Immunohistochemical analysis

10 μm paraffin sections were deparaffinated in xylene and rehydrated with ethanol. Sections were blocked in SuperBlock blocking buffer (Thermo #37515) with 0.3% triton X-100 and incubated overnight with diluted primary antibody in 1:10 SuperBlock/PBS containing 0.1% triton X-100 at 4°C. The following antibodies were used: Aβ rabbit pAb anti-Aβ1-28 1:500), GFAP antibody (Chemicon MAB360 1:1,000), Keratan sulfate antibody (5D4) (Seikagaku Corp. 1:1,000), OC antibody (a gift from Dr. Charles Glabe, UC Irvine, 1:1,000). Antigen retrieval was done in antigen unmasking solution (Vector labs H-3301) 30 minutes at 90°C for 5D4 staining and 15 min in 88% formic acid for intraneuronal Aβ (OC) staining before blocking. Sections were treated with Alexa Fluor 488 (Invitrogen) for fluorescence staining or biotinylated secondary antibodies followed by vectastain ABC kit (Vector Labs) for DAB staining.

Gelatin zymography

Pulverized brain aliquots were homogenized in TBS containing 1% Triton X-100 as described. After centrifugation, 400 μl of supernatant was incubated with 50 μl 50% pre-washed gelatin agarose beads and allowed to rotate overnight at 4°C. The beads were then pelleted by centrifugation. After removing the supernatant, the beads were washed in PBS and eluted with 50 μl 1X gel loading dye. Half of the elution was separated on 7.5% SDS-PAGE containing 0.1% gelatin. Following electrophoresis, the gels were gently agitated in 2.5% Triton X-100 at room temperature. The buffer was changed every 40 min for three times. After briefly rinsed in the assay buffer, gels were incubated with shaking in assay buffer (50 mM Tris, 0.2M NaCl, 6.7mM CaCl₂) at 37°C for 20 hours. Gels were stained with Coomassie blue and destained until clearing by gelatinases was visible.

Statistical analysis

Data were analyzed using the unpaired two-tailed Student’s t test. Error bars represent standard error of the mean (SEM). Significance was taken when P value was less than 0.05.
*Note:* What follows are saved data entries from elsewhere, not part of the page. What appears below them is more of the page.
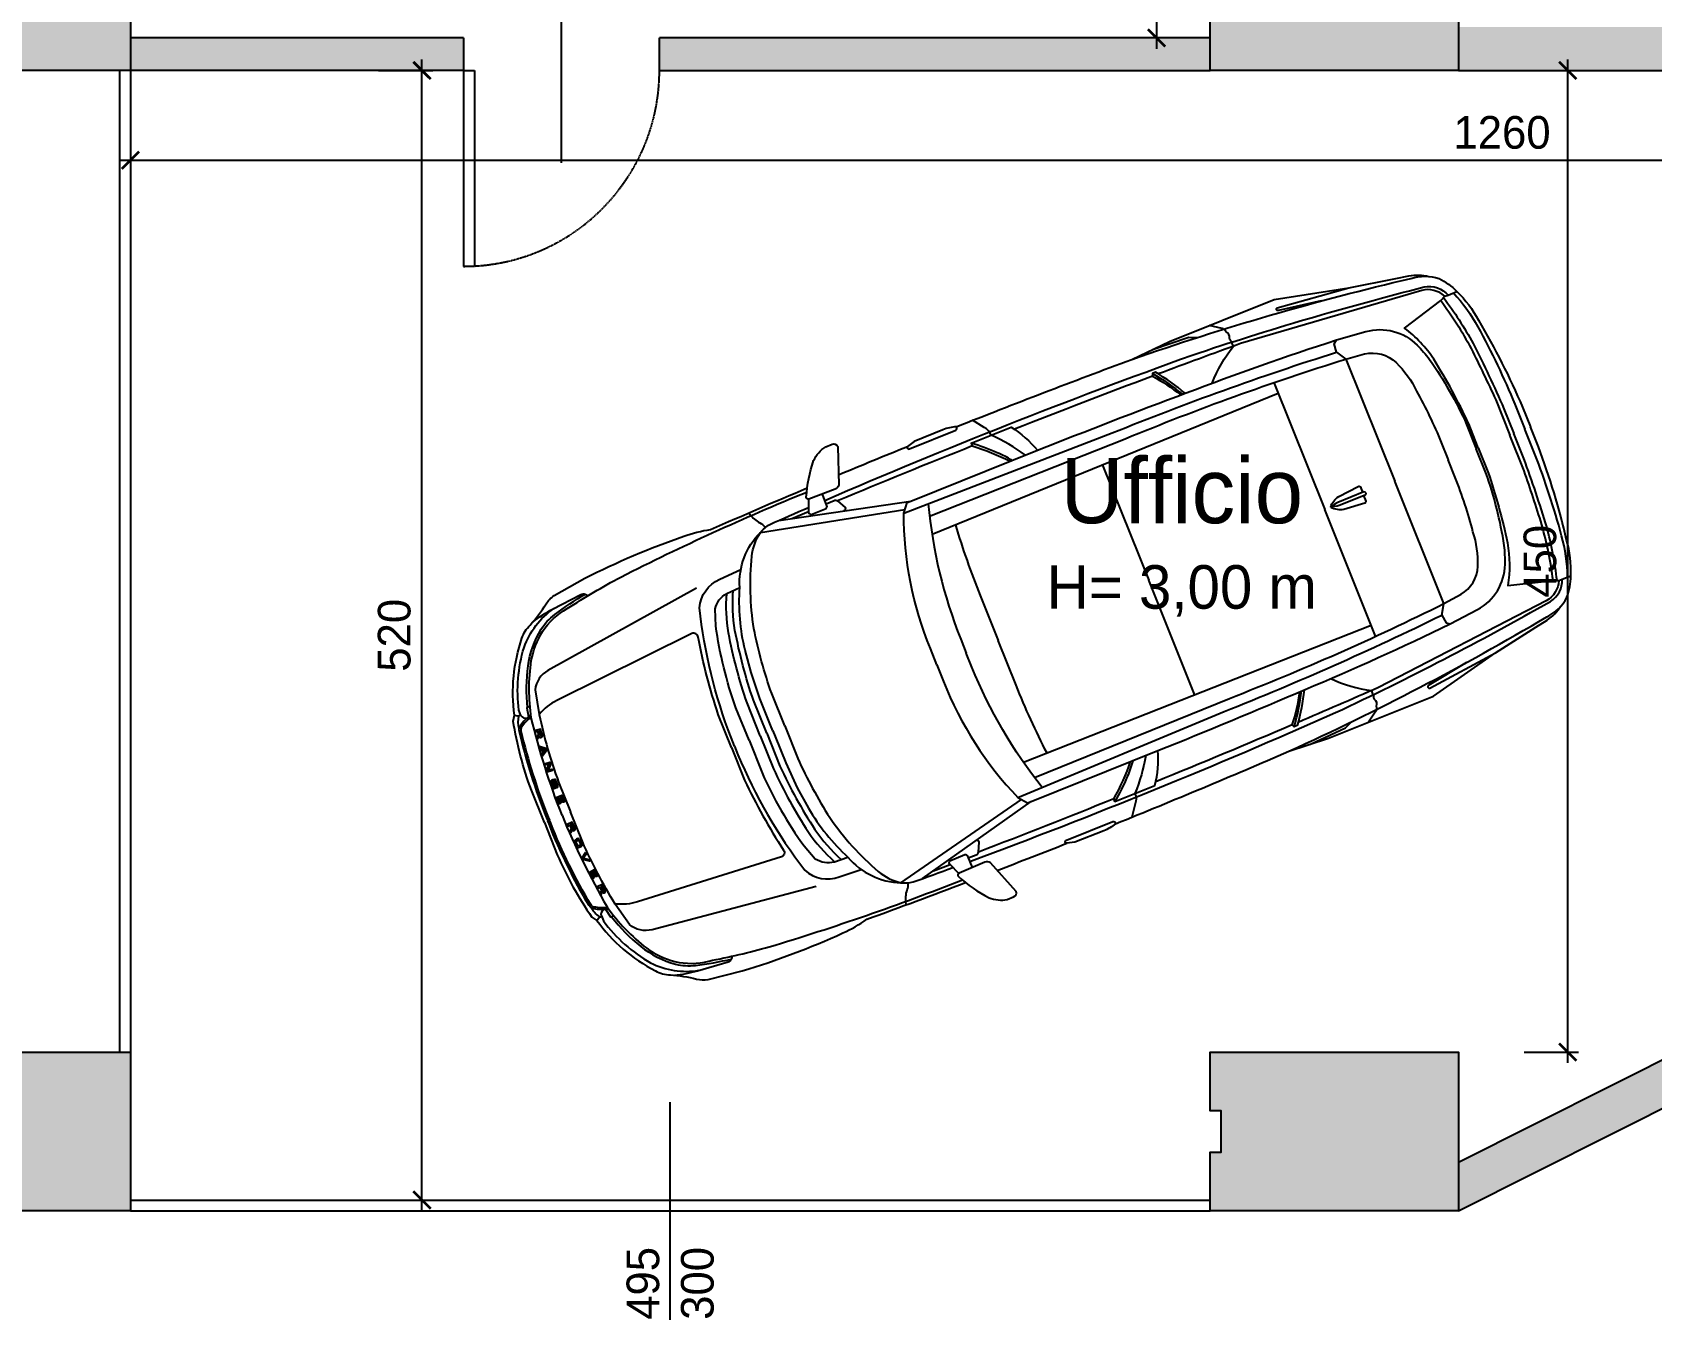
# Model space of a CAD drawing. Header units: millimetres. Extents: x 515 to 43442, y -1882 to 9936.
# Drawn here: x 16249 to 16992, y 6405 to 6997 of the extents above; entities that cross this region are included whole.
import ezdxf

# ---------------------------------------------------------------- set-up
doc = ezdxf.new("R2010")
doc.units = ezdxf.units.MM
doc.linetypes.add('HIDDEN', pattern=[0.375, 0.25, -0.125])
doc.layers.get('Defpoints').update_dxf_attribs({"color": 31})
doc.layers.add('AUTO', color=9, linetype='Continuous', lineweight=15, true_color=0x808080)
doc.layers.add('CAMP sez', color=7, linetype='Continuous', lineweight=15, true_color=0xbdbdbd)
for name, color, linetype in [('INF', 8, 'Continuous'), ('Interni F', 33, 'Continuous'), ('Q_100_ESECUTIVO', 3, 'Continuous'), ('SEZ', 170, 'Continuous'), ('Testi', 7, 'Continuous')]:
    doc.layers.add(name, color=color, linetype=linetype)
doc.styles.add('T_ESE_q100', font='bahnschrift.ttf', dxfattribs={"height": 15})
doc.dimstyles.new('ESE_q100', dxfattribs={"dimscale": 0, "dimtxt": 15, "dimasz": 8, "dimexe": 5, "dimexo": 10, "dimgap": 5, "dimtad": 1, "dimdec": 0, "dimrnd": 0.5, "dimzin": 0, "dimdsep": 46, "dimtxsty": 'T_ESE_q100', "dimblk": 'ARCHTICK', "dimcen": 0.09, "dimdle": 5, "dimadec": 0, "dimazin": 0, "dimtfac": 1, "dimtdec": 0, "dimtofl": 0, "dimtmove": 2, "dimatfit": 3, "dimldrblk": 'ARCHTICK', "dimfxl": 20, "dimfxlon": 1, "dimtolj": 1, "dimtzin": 0, "dimarcsym": 0})

# ---------------------------------------------------------------- blocks, each defined once
blk = doc.blocks.new('dwgFree.com - 3')
at = {"layer": 'Interni F'}
for points in [[(-91.9, 1833.3, -0.598981), (-100.2, 1846.2, -0.063724), (-6.1, 1989.5, -0.140902), (68.6, 2027.5), (100.2, 2027.5, -0.407929), (120.2, 2008.2), (59.3, 1842, -0.23415), (36.8, 1830.7), (-91.9, 1833.3)], [(-1772.6, 907.4), (-1772.7, 1067.3, -0.051573), (-1731.7, 1392.6), (-1716.2, 1415, -0.118905), (-1553.3, 1730.6, -0.118225), (-1496.2, 1772.8, 0.043314), (-1392, 1835.7, -0.101047), (-1343.3, 1857.7), (-1183.1, 1879, -0.033869), (-689.4, 1889.1, -0.049371), (-563.3, 1872, -0.003372), (-80.2, 1884, -0.003372)], [(-1685.1, 907.4, -0.034112), (-1649.4, 1375.4, -0.072723), (-1551.8, 1619.3, -0.086605), (-1454.1, 1724, -0.123379), (-1309.4, 1779.7, -0.018509), (-1027.4, 1822.9, -0.020436), (-89.4, 1867.3, -0.020436)], [(-371.5, 1877.6), (-367.4, 1862.2, 0.102432), (-336.8, 1809.6, -0.171519), (-327.1, 1786.4)], [(75.6, 1886.5, -0.00239), (418, 1889.5, -0.00239)], [(422.6, 1875.7), (651.6, 1875.7, 0.522992), (659.2, 1889.7, 0.067079), (597.8, 1900.2), (454.7, 1898.7), (418, 1889.5, 0.93122), (422.6, 1875.7)], [(659.2, 1889.7, -0.006025), (1522.5, 1877.1), (1713.7, 1889.2), (2232.3, 1889.2), (2570.4, 1810.7), (2786.2, 1770.4), (2847, 1759.1, -0.105323), (2930.9, 1722.5)], [(905.4, 1650.5, 0.049281), (793.8, 1794.5, 0.17179), (777.7, 1838.7), (740.4, 1889.4)], [(1522.5, 1877.1, -0.026387), (2851, 1745, -0.158783), (2970.6, 1696, -0.088175), (3024, 1611.4, -0.080442), (3067.2, 1451.3, -0.032875), (3106.4, 1005.2), (3106.4, 907.4)], [(1825.3, 1638.6, -0.081122), (1979, 1759.6, -0.289167), (1980.4, 1779.6, -0.237479), (1975.2, 1800.2, 0.332239), (1971.3, 1834.6, 0.21105), (1960.4, 1855.2), (1911.1, 1889.2)], [(-1689.3, 1403.3), (-1689.3, 1428.8, -0.106106), (-1559.8, 1687.7, -0.160297), (-1366.6, 1802.6)], [(-1647.4, 1425.4, -0.059057), (-1574.5, 1602.1, -0.09843), (-1455.8, 1736.2, -0.088872), (-1373.2, 1775.5, -0.02769), (-1208.2, 1810.2, -0.189226), (-1200.4, 1798.9)], [(-1479.8, 1781.1, -0.047113), (-1372.9, 1802), (-1226.9, 1816.5, -0.196742), (-1208.2, 1810.2)], [(-355.8, 1774.3, -0.087027), (-302.3, 1792.1, -0.001707), (-108.1, 1798.5, -0.001707)], [(-93.9, 1833.4), (-115.1, 1781.5, 0.420882), (-109.3, 1764.1), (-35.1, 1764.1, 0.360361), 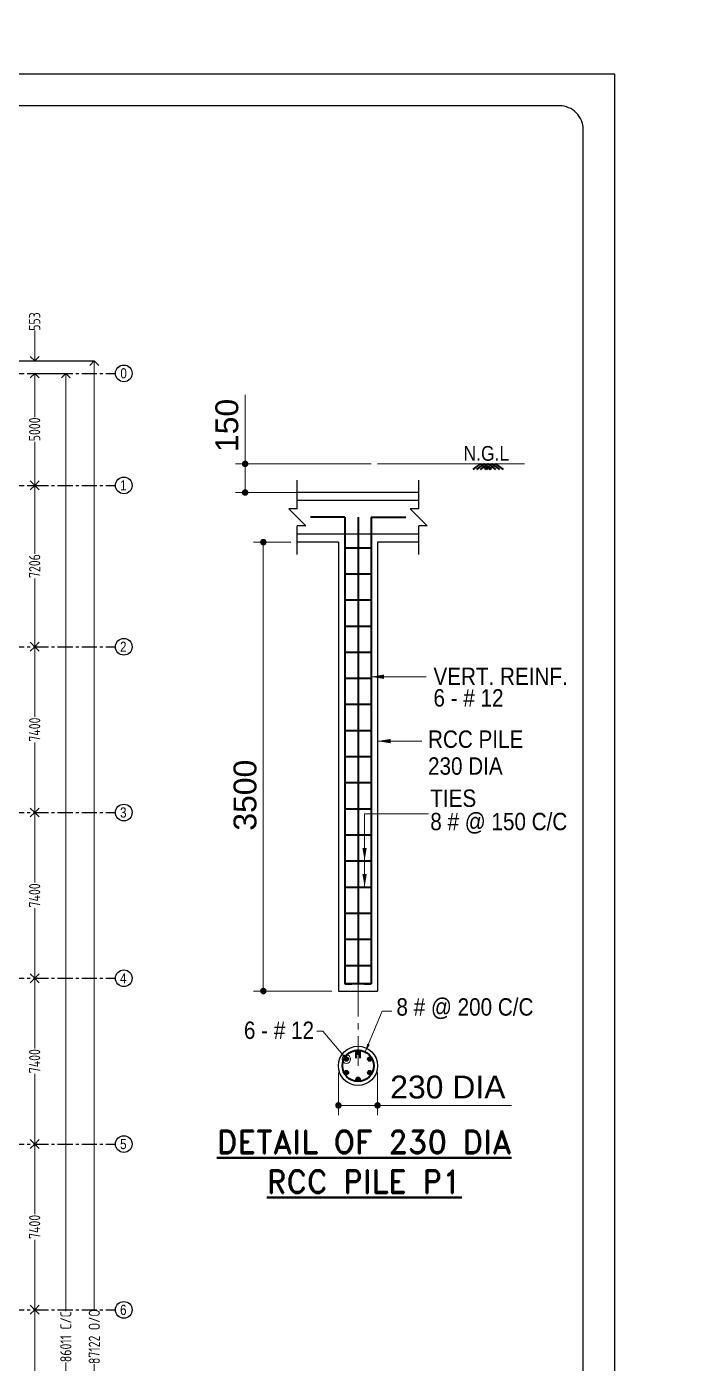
# Model space of a CAD drawing. Header units: inches. Extents: x -605 to 2991212, y -2872845 to 0.
# Drawn here: x 2361959 to 2391579, y -2674737 to -2615071 of the extents above; entities that cross this region are included whole.
import ezdxf
from ezdxf import colors
from ezdxf.entities.mleader import LeaderData, LeaderLine
from ezdxf.enums import TextEntityAlignment as Align
from ezdxf.math import Vec2, Vec3

# ---------------------------------------------------------------- set-up
doc = ezdxf.new("R2010")
doc.units = ezdxf.units.IN
doc.header["$LTSCALE"] = 600
doc.header["$MEASUREMENT"] = 0
doc.linetypes.add('CENTER', pattern=[2, 1.25, -0.25, 0.25, -0.25])
doc.linetypes.add('DASHED2', pattern=[0.375, 0.25, -0.125])
for name, color, linetype, lineweight in [('BRICK  WALL', 253, 'Continuous', 0), ('CENTER', 1, 'CENTER', 0), ('DIM', 251, 'Continuous', 0), ('GB', 6, 'Continuous', 20), ('L2', 2, 'Continuous', 20), ('L3', 3, 'Continuous', 25), ('L4', 4, 'Continuous', 30), ('L5', 10, 'Continuous', 40), ('PV_TEXT_ROMANS', 7, 'Continuous', 0), ('rDIMension', 1, 'Continuous', 18), ('rRCC 1', 3, 'Continuous', 25), ('rRCC 2', 40, 'Continuous', 15), ('rSHEET', 2, 'Continuous', 30), ('TEXT6', 6, 'Continuous', 50), ('TEXT7', 7, 'Continuous', 30)]:
    doc.layers.add(name, color=color, linetype=linetype, lineweight=lineweight)
doc.layers.add('SnT-CENTER2', color=8, linetype='CENTER')
doc.styles.add('DIM', font='geniso.shx', dxfattribs={"width": 0.85})
doc.styles.add('J.P', font='ARIALN.TTF')
doc.styles.add('ROMAND', font='romand.shx')
doc.styles.add('ROMANS', font='arial.ttf')
doc.styles.add('TEXT3', font='geniso.shx')
doc.dimstyles.new('DST-25$7', dxfattribs={"dimscale": 150, "dimtxt": 2.25, "dimasz": 2, "dimexe": 1.5, "dimexo": 1, "dimgap": 1, "dimtad": 1, "dimdec": 0, "dimlfac": 0.25, "dimzin": 0, "dimdsep": 46, "dimtxsty": 'ROMANS', "dimblk": 'DOT', "dimcen": 0.09, "dimdle": 1, "dimclrd": 1, "dimclre": 1, "dimclrt": 7, "dimadec": 0, "dimazin": 0, "dimtfac": 1, "dimtdec": 0, "dimtmove": 0, "dimatfit": 3, "dimfxl": 1, "dimtolj": 1, "dimtzin": 0, "dimarcsym": 0})
doc.dimstyles.new('DST-50', dxfattribs={"dimscale": 150, "dimtxt": 2.25, "dimasz": 1, "dimexe": 1.5, "dimexo": 1, "dimgap": 1, "dimtad": 1, "dimdec": 0, "dimlfac": 0.333333, "dimzin": 0, "dimdsep": 46, "dimtxsty": 'ROMANS', "dimblk": 'DOT', "dimcen": 0.09, "dimdle": 1, "dimclrd": 1, "dimclre": 1, "dimclrt": 7, "dimadec": 0, "dimazin": 0, "dimtfac": 1, "dimtdec": 0, "dimtmove": 0, "dimatfit": 3, "dimfxl": 1, "dimtolj": 1, "dimtzin": 0, "dimarcsym": 0})
doc.dimstyles.new('DST-50$7', dxfattribs={"dimscale": 150, "dimtxt": 2.25, "dimasz": 2, "dimexe": 1.5, "dimexo": 1, "dimgap": 1, "dimtad": 1, "dimdec": 0, "dimlfac": 0.333333, "dimzin": 0, "dimdsep": 46, "dimtxsty": 'ROMANS', "dimblk": 'DOT', "dimcen": 0.09, "dimdle": 1, "dimclrd": 1, "dimclre": 1, "dimclrt": 7, "dimadec": 0, "dimazin": 0, "dimtfac": 1, "dimtdec": 0, "dimtmove": 0, "dimatfit": 3, "dimfxl": 1, "dimtolj": 1, "dimtzin": 0, "dimarcsym": 0})
doc.dimstyles.new('ST-100', dxfattribs={"dimscale": 100, "dimtxt": 2.5, "dimasz": 2, "dimexe": 0.18, "dimexo": 0.0625, "dimgap": 0.2, "dimtad": 0, "dimdec": 0, "dimzin": 0, "dimdsep": 46, "dimtxsty": 'DIM', "dimblk": 'OPEN90', "dimcen": 0.09, "dimclrd": 256, "dimclrt": 7, "dimadec": 0, "dimazin": 0, "dimtfac": 1, "dimtdec": 0, "dimtofl": 0, "dimtmove": 0, "dimatfit": 3, "dimldrblk": 'OPEN90', "dimfxl": 1, "dimtolj": 1, "dimtzin": 0, "dimlwd": -1, "dimarcsym": 0})

# ---------------------------------------------------------------- blocks, each defined once
blk = doc.blocks.new('_Open90')
at = {"color": 0, "linetype": 'ByBlock', "lineweight": -2}
for p, q in [((0, 0), (-1, 0)), ((-0.5, 0.5), (0, 0)), ((0, 0), (-0.5, -0.5))]:
    blk.add_line(p, q, dxfattribs=at)
blk = doc.blocks.new('*D1373')
at = {"layer": 'Defpoints', "color": 0, "linetype": 'ByBlock'}
for p in [(2362313, -2635545), (2362313, -2642750), (2362313, -2642750)]:
    blk.add_point(p, dxfattribs=at)
at = {"layer": 'rDIMension', "color": 0, "linetype": 'ByBlock', "lineweight": -2}
for p, q in [((2362313, -2635545), (2362313, -2635545)), ((2362313, -2642750), (2362313, -2642750))]:
    blk.add_line(p, q, dxfattribs=at)
at = {"layer": 'rDIMension'}
for p, q in [((2362313, -2635945), (2362313, -2638596)), ((2362313, -2642350), (2362313, -2639699))]:
    blk.add_line(p, q, dxfattribs=at)
at = {"layer": 'rDIMension', "linetype": 'ByBlock', "xscale": 400, "yscale": 400, "zscale": 400}
for p, rotation in [((2362313, -2635545), 90), ((2362313, -2642750), 270)]:
    blk.add_blockref('_Open90', p, dxfattribs=dict(at, rotation=rotation))
at = {"layer": 'rDIMension', "color": 7, "linetype": 'ByBlock', "insert": (2362313, -2639148), "char_height": 500, "attachment_point": 5, "rotation": 90, "style": 'DIM'}
blk.add_mtext('\\A1;7206', dxfattribs=at)
blk = doc.blocks.new('*D1374')
at = {"layer": 'Defpoints', "color": 0, "linetype": 'ByBlock'}
for p in [(2362313, -2642750), (2362313, -2650150), (2362313, -2650150)]:
    blk.add_point(p, dxfattribs=at)
at = {"layer": 'rDIMension', "color": 0, "linetype": 'ByBlock', "lineweight": -2}
for p, q in [((2362313, -2642750), (2362313, -2642750)), ((2362313, -2650150), (2362313, -2650150))]:
    blk.add_line(p, q, dxfattribs=at)
at = {"layer": 'rDIMension'}
for p, q in [((2362313, -2643150), (2362313, -2645878)), ((2362313, -2649750), (2362313, -2647023))]:
    blk.add_line(p, q, dxfattribs=at)
at = {"layer": 'rDIMension', "linetype": 'ByBlock', "xscale": 400, "yscale": 400, "zscale": 400}
for p, rotation in [((2362313, -2642750), 90), ((2362313, -2650150), 270)]:
    blk.add_blockref('_Open90', p, dxfattribs=dict(at, rotation=rotation))
at = {"layer": 'rDIMension', "color": 7, "linetype": 'ByBlock', "insert": (2362313, -2646450), "char_height": 500, "attachment_point": 5, "rotation": 90, "style": 'DIM'}
blk.add_mtext('\\A1;7400', dxfattribs=at)
blk = doc.blocks.new('*D1375')
at = {"layer": 'Defpoints', "color": 0, "linetype": 'ByBlock'}
for p in [(2362313, -2650150), (2362313, -2657550), (2362313, -2657550)]:
    blk.add_point(p, dxfattribs=at)
at = {"layer": 'rDIMension', "color": 0, "linetype": 'ByBlock', "lineweight": -2}
for p, q in [((2362313, -2650150), (2362313, -2650150)), ((2362313, -2657550), (2362313, -2657550))]:
    blk.add_line(p, q, dxfattribs=at)
at = {"layer": 'rDIMension'}
for p, q in [((2362313, -2650550), (2362313, -2653278)), ((2362313, -2657150), (2362313, -2654423))]:
    blk.add_line(p, q, dxfattribs=at)
at = {"layer": 'rDIMension', "linetype": 'ByBlock', "xscale": 400, "yscale": 400, "zscale": 400}
for p, rotation in [((2362313, -2650150), 90), ((2362313, -2657550), 270)]:
    blk.add_blockref('_Open90', p, dxfattribs=dict(at, rotation=rotation))
at = {"layer": 'rDIMension', "color": 7, "linetype": 'ByBlock', "insert": (2362313, -2653850), "char_height": 500, "attachment_point": 5, "rotation": 90, "style": 'DIM'}
blk.add_mtext('\\A1;7400', dxfattribs=at)
blk = doc.blocks.new('*D1376')
at = {"layer": 'Defpoints', "color": 0, "linetype": 'ByBlock'}
for p in [(2362313, -2657550), (2362313, -2664950), (2362313, -2664950)]:
    blk.add_point(p, dxfattribs=at)
at = {"layer": 'rDIMension', "color": 0, "linetype": 'ByBlock', "lineweight": -2}
for p, q in [((2362313, -2657550), (2362313, -2657550)), ((2362313, -2664950), (2362313, -2664950))]:
    blk.add_line(p, q, dxfattribs=at)
at = {"layer": 'rDIMension'}
for p, q in [((2362313, -2657950), (2362313, -2660678)), ((2362313, -2664550), (2362313, -2661823))]:
    blk.add_line(p, q, dxfattribs=at)
at = {"layer": 'rDIMension', "linetype": 'ByBlock', "xscale": 400, "yscale": 400, "zscale": 400}
for p, rotation in [((2362313, -2657550), 90), ((2362313, -2664950), 270)]:
    blk.add_blockref('_Open90', p, dxfattribs=dict(at, rotation=rotation))
at = {"layer": 'rDIMension', "color": 7, "linetype": 'ByBlock', "insert": (2362313, -2661250), "char_height": 500, "attachment_point": 5, "rotation": 90, "style": 'DIM'}
blk.add_mtext('\\A1;7400', dxfattribs=at)
blk = doc.blocks.new('*D1377')
at = {"layer": 'Defpoints', "color": 0, "linetype": 'ByBlock'}
for p in [(2362313, -2664950), (2362313, -2672350), (2362313, -2672350)]:
    blk.add_point(p, dxfattribs=at)
at = {"layer": 'rDIMension', "color": 0, "linetype": 'ByBlock', "lineweight": -2}
for p, q in [((2362313, -2664950), (2362313, -2664950)), ((2362313, -2672350), (2362313, -2672350))]:
    blk.add_line(p, q, dxfattribs=at)
at = {"layer": 'rDIMension'}
for p, q in [((2362313, -2665350), (2362313, -2668078)), ((2362313, -2671950), (2362313, -2669223))]:
    blk.add_line(p, q, dxfattribs=at)
at = {"layer": 'rDIMension', "linetype": 'ByBlock', "xscale": 400, "yscale": 400, "zscale": 400}
for p, rotation in [((2362313, -2664950), 90), ((2362313, -2672350), 270)]:
    blk.add_blockref('_Open90', p, dxfattribs=dict(at, rotation=rotation))
at = {"layer": 'rDIMension', "color": 7, "linetype": 'ByBlock', "insert": (2362313, -2668650), "char_height": 500, "attachment_point": 5, "rotation": 90, "style": 'DIM'}
blk.add_mtext('\\A1;7400', dxfattribs=at)
blk = doc.blocks.new('*D1378')
at = {"layer": 'Defpoints', "color": 0, "linetype": 'ByBlock'}
for p in [(2362313, -2672350), (2361981, -2679750), (2362313, -2679750)]:
    blk.add_point(p, dxfattribs=at)
at = {"layer": 'rDIMension', "color": 0, "linetype": 'ByBlock', "lineweight": -2}
for p, q in [((2362313, -2672350), (2362313, -2672350)), ((2361981, -2679750), (2362313, -2679750))]:
    blk.add_line(p, q, dxfattribs=at)
at = {"layer": 'rDIMension'}
for p, q in [((2362313, -2672750), (2362313, -2675478)), ((2362313, -2679350), (2362313, -2676623))]:
    blk.add_line(p, q, dxfattribs=at)
at = {"layer": 'rDIMension', "linetype": 'ByBlock', "xscale": 400, "yscale": 400, "zscale": 400}
for p, rotation in [((2362313, -2672350), 90), ((2362313, -2679750), 270)]:
    blk.add_blockref('_Open90', p, dxfattribs=dict(at, rotation=rotation))
at = {"layer": 'rDIMension', "color": 7, "linetype": 'ByBlock', "insert": (2362313, -2676050), "char_height": 500, "attachment_point": 5, "rotation": 90, "style": 'DIM'}
blk.add_mtext('\\A1;7400', dxfattribs=at)
blk = doc.blocks.new('*D1443')
at = {"layer": 'Defpoints', "color": 0, "linetype": 'ByBlock'}
for p in [(2362614, -2630545), (2362614, -2716555), (2363704, -2716555)]:
    blk.add_point(p, dxfattribs=at)
at = {"layer": 'rDIMension', "color": 0, "linetype": 'ByBlock', "lineweight": -2}
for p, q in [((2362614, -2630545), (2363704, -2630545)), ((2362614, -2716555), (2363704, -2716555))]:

Significant reduction of insoluble cerebral Aβ in Tg-5xFAD/MBP^-/- mice

Previously, we identified MBP as a potent Aβ fibrillogenesis inhibitor in vitro via a sequence-dependent interaction [22, 29, 42]. To investigate whether the absence of MBP could influence Aβ pathology in vivo, we bred MBP^-/- mice to Tg-5xFAD mice, a model of parenchymal AD-like Aβ pathology. Age-matched Tg-5xFAD and Tg-5xFAD/MBP^-/- mice were collected at 2 months of age when thioflavin S-positive fibrillar plaques begin to appear in Tg-5xFAD mice [43]. Pulverized brain aliquots were sequentially extracted into soluble (s), membrane-associated (m) and insoluble (i) fractions for Aβ ELISA analysis. Bigenic Tg-5xFAD/MBP^-/- mice had a significant reduction in the amount of insoluble Aβ, with an eight-fold reduction in Aβ₄₀ and a 30-fold reduction in Aβ_42. No significant differences were found in the levels of soluble Aβ and membrane-associated Aβ between Tg-5xFAD and Tg-5xFAD/MBP^-/- mice (Figure 1).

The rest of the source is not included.